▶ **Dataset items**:
--- START ---
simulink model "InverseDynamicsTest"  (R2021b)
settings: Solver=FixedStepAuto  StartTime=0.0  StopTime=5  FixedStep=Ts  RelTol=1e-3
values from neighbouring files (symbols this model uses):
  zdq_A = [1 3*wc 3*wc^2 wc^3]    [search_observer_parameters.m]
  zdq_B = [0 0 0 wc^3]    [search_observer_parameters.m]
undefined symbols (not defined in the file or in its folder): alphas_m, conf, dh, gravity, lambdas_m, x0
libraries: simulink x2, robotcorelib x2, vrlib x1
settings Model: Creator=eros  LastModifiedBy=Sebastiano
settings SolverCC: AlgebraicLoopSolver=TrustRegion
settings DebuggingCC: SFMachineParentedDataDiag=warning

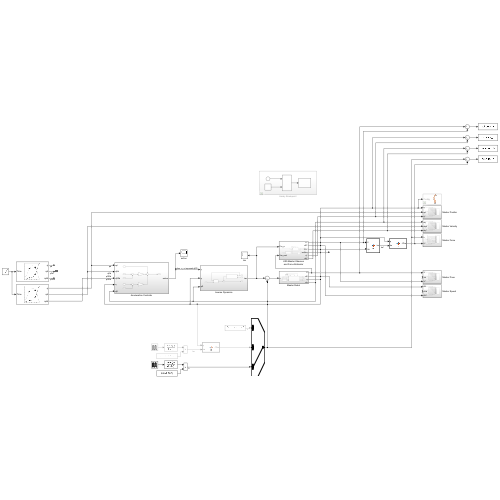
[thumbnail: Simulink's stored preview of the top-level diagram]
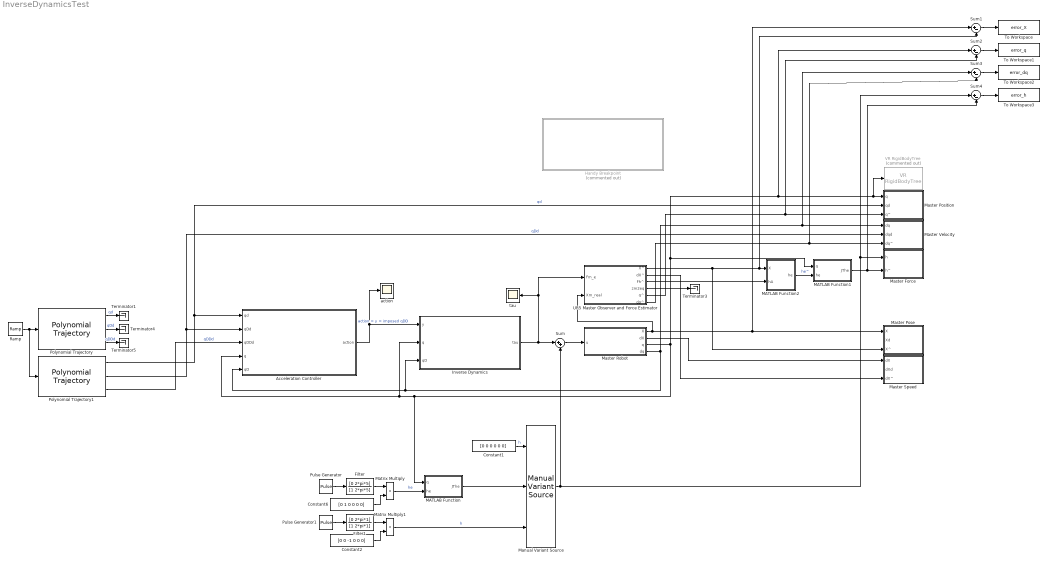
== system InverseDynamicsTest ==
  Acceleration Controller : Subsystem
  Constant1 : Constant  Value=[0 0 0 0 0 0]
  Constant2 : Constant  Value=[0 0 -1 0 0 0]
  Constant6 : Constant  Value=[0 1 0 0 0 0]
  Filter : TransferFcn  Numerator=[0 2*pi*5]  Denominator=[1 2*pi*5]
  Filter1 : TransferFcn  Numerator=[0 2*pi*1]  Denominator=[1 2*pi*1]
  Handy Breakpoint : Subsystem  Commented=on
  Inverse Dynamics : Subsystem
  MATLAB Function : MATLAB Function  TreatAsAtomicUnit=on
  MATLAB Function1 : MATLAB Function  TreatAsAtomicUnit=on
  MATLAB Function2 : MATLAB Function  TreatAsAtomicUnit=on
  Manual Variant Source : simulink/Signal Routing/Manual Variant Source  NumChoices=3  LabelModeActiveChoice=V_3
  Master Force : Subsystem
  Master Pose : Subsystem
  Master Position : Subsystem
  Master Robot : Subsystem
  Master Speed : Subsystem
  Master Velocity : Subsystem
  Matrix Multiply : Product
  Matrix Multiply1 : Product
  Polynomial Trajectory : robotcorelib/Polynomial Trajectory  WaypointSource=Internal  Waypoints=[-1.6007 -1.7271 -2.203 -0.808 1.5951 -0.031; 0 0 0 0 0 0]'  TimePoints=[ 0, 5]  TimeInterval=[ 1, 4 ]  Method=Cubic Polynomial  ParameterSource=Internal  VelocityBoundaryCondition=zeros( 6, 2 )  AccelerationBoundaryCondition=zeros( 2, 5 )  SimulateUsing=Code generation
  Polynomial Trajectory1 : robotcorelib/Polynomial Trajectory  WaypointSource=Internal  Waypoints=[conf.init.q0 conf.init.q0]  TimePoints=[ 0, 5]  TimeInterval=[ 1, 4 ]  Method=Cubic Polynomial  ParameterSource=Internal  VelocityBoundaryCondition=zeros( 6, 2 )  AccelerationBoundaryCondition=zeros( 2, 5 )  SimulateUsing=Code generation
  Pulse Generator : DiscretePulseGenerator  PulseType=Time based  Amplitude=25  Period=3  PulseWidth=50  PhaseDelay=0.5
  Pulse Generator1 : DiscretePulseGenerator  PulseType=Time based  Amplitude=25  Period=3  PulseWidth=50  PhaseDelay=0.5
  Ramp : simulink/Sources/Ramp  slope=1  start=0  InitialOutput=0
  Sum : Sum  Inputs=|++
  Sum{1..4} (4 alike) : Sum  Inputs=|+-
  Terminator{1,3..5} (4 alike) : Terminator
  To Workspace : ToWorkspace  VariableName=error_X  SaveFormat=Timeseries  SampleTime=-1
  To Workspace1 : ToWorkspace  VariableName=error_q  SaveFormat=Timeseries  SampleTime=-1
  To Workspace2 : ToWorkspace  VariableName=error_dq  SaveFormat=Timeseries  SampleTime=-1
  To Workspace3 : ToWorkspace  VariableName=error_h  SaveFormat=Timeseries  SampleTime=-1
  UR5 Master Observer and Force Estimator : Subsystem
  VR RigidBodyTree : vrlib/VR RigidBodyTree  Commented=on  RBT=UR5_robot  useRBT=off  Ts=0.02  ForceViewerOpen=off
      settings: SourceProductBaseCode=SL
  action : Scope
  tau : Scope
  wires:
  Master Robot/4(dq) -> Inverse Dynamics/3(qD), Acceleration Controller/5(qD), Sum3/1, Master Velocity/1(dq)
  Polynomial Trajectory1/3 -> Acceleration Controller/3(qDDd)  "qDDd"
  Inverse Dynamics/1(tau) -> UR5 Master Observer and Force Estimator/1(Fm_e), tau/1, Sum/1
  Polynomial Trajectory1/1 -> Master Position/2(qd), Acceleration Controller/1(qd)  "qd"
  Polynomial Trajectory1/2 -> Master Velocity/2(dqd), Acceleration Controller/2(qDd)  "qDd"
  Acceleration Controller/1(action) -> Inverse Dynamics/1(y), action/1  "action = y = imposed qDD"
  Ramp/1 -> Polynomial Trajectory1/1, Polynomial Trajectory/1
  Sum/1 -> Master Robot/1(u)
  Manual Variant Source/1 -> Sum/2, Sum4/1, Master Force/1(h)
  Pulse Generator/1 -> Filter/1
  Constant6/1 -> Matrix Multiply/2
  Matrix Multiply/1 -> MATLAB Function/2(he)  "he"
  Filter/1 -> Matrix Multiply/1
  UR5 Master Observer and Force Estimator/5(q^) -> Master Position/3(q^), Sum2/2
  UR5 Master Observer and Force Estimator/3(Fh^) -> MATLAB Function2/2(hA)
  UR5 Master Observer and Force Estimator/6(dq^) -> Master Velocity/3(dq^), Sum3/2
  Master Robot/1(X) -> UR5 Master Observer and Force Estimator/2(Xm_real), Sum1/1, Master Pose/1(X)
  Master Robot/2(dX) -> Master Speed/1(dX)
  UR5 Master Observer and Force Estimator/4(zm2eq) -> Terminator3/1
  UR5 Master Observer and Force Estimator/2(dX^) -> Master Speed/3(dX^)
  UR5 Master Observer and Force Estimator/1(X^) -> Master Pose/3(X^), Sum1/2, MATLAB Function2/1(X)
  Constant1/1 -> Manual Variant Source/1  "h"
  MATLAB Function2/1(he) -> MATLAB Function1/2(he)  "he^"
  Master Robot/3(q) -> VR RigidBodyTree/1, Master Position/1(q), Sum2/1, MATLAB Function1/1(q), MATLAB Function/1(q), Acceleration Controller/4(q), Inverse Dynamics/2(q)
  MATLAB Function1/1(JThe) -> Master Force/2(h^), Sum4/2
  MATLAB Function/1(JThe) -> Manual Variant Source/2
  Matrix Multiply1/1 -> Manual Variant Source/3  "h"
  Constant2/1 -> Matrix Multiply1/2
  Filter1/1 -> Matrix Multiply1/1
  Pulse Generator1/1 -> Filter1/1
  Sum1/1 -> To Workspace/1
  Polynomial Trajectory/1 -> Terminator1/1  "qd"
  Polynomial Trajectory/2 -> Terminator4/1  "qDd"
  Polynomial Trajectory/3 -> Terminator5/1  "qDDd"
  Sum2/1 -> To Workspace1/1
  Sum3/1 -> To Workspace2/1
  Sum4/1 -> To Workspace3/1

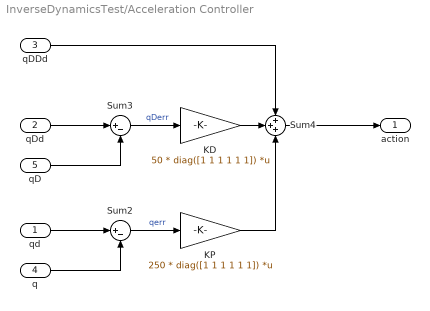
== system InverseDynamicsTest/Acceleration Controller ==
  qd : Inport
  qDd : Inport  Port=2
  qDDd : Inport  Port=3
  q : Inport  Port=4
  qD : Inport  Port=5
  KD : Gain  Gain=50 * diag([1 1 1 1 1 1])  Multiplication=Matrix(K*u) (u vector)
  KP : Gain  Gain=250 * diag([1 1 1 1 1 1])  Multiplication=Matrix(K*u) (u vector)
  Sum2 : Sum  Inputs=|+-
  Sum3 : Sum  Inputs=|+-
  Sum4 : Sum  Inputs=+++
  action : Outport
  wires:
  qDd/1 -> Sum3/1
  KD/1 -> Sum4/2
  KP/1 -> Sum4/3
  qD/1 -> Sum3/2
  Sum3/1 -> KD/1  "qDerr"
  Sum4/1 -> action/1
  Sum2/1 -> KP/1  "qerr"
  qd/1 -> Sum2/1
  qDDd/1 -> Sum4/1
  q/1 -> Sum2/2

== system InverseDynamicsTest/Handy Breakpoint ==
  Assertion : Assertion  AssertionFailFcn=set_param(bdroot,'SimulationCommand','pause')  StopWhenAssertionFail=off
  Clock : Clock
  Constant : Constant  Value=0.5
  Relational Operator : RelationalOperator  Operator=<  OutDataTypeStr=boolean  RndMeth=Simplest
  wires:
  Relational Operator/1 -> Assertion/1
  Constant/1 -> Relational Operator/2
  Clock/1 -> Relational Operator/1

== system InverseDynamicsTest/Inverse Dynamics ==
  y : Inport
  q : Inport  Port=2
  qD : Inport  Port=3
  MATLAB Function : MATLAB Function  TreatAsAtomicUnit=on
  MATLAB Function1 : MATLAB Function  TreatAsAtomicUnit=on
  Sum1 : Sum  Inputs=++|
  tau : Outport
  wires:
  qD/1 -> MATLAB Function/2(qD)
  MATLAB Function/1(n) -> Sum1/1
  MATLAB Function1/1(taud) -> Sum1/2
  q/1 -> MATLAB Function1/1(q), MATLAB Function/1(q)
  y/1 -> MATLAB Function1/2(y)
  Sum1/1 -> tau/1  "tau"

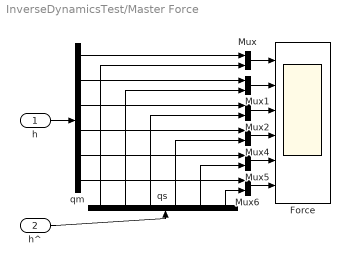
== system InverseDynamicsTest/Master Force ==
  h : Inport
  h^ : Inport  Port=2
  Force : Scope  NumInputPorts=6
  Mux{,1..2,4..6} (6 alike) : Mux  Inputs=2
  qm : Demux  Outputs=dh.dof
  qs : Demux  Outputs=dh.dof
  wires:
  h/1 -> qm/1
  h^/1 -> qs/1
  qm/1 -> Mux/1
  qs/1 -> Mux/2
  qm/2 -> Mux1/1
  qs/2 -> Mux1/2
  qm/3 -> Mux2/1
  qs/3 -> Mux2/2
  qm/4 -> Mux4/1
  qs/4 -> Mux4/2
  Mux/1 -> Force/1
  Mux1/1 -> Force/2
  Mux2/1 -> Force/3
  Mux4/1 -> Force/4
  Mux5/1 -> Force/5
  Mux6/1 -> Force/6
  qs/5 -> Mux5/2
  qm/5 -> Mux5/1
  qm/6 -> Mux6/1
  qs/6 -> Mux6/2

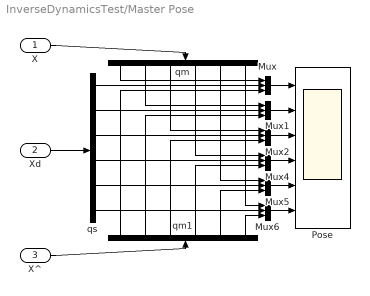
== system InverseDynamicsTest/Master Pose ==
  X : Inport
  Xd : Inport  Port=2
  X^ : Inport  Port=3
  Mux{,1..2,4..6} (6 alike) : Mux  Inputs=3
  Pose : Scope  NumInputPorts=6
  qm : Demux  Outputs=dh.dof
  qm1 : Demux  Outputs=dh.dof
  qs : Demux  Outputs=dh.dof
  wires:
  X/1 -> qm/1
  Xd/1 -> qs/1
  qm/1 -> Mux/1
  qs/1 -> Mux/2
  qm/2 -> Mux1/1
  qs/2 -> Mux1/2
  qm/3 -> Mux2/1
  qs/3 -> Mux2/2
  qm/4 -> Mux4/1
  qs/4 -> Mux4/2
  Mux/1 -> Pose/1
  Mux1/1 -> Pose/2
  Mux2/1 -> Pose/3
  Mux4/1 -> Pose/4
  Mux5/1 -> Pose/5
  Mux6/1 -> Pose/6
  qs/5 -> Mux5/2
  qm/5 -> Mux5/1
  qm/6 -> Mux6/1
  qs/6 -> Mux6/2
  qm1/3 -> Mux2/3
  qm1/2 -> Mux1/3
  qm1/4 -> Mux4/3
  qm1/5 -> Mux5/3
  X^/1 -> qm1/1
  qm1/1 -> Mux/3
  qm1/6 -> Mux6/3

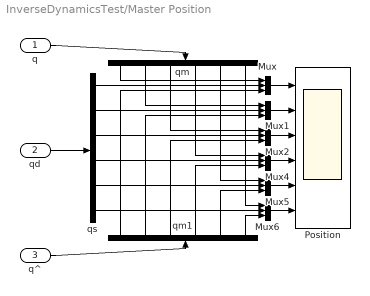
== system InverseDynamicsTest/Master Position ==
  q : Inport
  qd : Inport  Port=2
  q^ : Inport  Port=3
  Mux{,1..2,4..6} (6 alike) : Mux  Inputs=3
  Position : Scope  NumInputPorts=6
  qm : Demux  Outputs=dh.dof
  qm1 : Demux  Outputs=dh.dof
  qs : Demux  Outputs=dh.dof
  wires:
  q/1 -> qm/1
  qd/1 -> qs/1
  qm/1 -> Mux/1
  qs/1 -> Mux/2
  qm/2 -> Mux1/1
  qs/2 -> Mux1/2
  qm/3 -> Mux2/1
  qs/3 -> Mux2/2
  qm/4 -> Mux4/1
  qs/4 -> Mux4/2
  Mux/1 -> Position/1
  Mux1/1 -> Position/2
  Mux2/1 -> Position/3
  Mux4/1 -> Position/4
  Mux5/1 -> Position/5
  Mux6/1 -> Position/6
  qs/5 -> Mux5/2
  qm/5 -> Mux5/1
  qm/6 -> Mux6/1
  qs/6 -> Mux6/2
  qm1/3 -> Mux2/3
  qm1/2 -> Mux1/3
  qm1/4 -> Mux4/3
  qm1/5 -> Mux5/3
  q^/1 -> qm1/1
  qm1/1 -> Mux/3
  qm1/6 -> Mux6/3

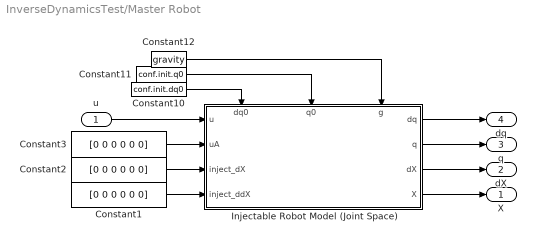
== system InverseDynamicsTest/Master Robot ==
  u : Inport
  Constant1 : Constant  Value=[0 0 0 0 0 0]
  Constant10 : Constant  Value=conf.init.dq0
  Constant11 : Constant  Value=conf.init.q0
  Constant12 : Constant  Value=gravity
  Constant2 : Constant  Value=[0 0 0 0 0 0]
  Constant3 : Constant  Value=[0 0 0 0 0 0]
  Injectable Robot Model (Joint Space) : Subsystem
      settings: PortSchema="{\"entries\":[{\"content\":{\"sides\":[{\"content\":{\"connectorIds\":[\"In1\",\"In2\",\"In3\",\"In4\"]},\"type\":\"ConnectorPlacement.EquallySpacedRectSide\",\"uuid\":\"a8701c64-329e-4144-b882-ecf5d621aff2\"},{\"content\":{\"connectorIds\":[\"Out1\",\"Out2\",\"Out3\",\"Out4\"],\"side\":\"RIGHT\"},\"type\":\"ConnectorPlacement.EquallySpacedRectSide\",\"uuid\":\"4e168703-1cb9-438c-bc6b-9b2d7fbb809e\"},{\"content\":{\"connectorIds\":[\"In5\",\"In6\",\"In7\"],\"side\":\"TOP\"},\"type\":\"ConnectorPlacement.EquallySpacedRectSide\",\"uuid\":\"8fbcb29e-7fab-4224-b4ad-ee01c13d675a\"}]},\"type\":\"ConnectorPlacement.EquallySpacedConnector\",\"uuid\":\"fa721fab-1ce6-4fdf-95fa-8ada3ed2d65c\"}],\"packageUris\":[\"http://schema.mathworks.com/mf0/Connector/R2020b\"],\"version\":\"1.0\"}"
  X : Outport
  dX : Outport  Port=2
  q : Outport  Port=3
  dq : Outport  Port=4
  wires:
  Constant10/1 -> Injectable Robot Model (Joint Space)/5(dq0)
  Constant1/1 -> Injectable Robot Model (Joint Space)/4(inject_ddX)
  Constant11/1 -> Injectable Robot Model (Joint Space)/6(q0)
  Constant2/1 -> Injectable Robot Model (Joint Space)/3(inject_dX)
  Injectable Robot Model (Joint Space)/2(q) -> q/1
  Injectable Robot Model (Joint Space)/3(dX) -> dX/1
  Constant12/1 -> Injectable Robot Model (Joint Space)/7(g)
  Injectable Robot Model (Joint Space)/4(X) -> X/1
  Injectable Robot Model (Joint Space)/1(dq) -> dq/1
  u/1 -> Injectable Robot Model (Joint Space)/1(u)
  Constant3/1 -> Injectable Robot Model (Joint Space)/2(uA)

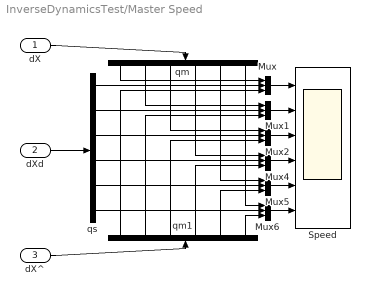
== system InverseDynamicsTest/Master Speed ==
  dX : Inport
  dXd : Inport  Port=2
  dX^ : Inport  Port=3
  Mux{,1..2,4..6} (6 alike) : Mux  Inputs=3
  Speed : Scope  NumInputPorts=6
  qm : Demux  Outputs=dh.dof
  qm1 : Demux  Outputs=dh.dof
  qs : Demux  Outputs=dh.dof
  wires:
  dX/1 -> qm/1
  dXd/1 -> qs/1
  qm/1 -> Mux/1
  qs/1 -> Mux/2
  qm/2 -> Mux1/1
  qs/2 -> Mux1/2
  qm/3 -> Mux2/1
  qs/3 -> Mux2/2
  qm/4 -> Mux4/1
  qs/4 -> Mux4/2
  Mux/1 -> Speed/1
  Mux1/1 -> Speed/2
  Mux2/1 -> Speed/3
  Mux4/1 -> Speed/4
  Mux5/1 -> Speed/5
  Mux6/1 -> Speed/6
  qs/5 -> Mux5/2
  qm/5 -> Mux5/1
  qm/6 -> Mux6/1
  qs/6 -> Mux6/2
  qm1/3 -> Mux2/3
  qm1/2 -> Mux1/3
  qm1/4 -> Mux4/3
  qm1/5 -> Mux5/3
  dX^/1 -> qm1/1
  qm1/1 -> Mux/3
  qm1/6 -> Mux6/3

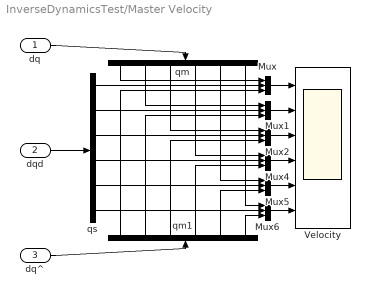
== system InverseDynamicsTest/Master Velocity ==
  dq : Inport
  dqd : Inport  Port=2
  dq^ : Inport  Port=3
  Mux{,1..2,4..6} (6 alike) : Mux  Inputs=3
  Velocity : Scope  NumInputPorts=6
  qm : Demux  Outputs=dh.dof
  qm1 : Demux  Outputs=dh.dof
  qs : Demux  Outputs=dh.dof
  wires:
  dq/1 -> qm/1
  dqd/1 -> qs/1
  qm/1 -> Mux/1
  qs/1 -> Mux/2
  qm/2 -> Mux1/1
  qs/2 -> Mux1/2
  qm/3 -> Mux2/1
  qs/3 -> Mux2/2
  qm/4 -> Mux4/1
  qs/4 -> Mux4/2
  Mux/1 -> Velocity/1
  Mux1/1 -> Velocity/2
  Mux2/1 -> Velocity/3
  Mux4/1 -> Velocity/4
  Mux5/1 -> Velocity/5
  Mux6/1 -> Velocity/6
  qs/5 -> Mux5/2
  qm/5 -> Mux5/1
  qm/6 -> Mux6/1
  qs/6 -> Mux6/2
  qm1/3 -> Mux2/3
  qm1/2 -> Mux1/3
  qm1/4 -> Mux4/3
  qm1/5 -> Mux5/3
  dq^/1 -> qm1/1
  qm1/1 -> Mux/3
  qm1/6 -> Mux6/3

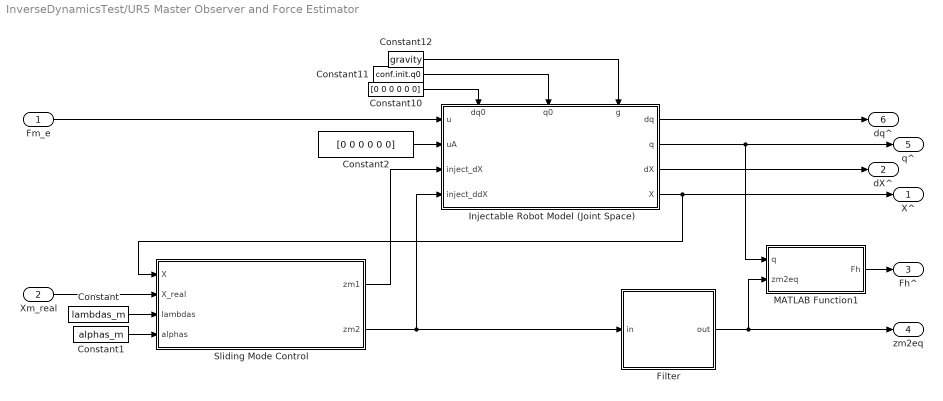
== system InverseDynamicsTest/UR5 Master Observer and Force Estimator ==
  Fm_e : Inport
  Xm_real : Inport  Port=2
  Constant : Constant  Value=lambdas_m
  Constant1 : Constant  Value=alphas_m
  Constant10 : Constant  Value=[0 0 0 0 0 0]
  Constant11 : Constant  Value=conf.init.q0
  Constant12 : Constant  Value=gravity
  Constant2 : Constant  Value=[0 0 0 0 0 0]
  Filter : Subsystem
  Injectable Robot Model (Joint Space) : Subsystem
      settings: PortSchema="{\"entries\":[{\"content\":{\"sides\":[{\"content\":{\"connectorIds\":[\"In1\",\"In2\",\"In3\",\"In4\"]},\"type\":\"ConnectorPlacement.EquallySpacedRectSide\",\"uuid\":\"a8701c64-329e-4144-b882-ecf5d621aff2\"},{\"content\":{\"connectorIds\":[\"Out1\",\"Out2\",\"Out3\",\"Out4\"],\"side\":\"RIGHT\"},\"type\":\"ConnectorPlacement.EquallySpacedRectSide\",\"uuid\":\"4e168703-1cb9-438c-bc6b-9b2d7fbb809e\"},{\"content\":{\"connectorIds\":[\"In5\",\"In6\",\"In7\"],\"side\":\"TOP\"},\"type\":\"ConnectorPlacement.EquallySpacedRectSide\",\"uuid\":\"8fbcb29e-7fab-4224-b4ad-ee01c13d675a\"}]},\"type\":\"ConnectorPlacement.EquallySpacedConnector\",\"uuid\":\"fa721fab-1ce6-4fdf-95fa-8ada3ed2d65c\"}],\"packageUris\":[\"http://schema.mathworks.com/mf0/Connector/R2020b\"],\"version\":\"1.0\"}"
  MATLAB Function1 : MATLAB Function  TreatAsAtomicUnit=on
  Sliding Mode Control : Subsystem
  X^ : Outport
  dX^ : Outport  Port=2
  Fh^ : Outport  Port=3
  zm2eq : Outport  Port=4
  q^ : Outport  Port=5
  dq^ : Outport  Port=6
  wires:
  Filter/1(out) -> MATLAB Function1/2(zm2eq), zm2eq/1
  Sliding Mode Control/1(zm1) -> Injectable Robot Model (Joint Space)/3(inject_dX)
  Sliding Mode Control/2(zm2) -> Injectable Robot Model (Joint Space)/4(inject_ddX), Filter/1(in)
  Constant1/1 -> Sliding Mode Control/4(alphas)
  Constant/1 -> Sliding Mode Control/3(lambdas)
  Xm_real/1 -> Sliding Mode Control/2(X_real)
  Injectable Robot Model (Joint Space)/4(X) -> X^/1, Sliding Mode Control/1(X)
--- END ---
▶ **Instructions for the task**:
The answer must consist of every line from the data that holds the string "vrlib".

▶ **Solution to the exercise**:
libraries: simulink x2, robotcorelib x2, vrlib x1
  VR RigidBodyTree : vrlib/VR RigidBodyTree  Commented=on  RBT=UR5_robot  useRBT=off  Ts=0.02  ForceViewerOpen=off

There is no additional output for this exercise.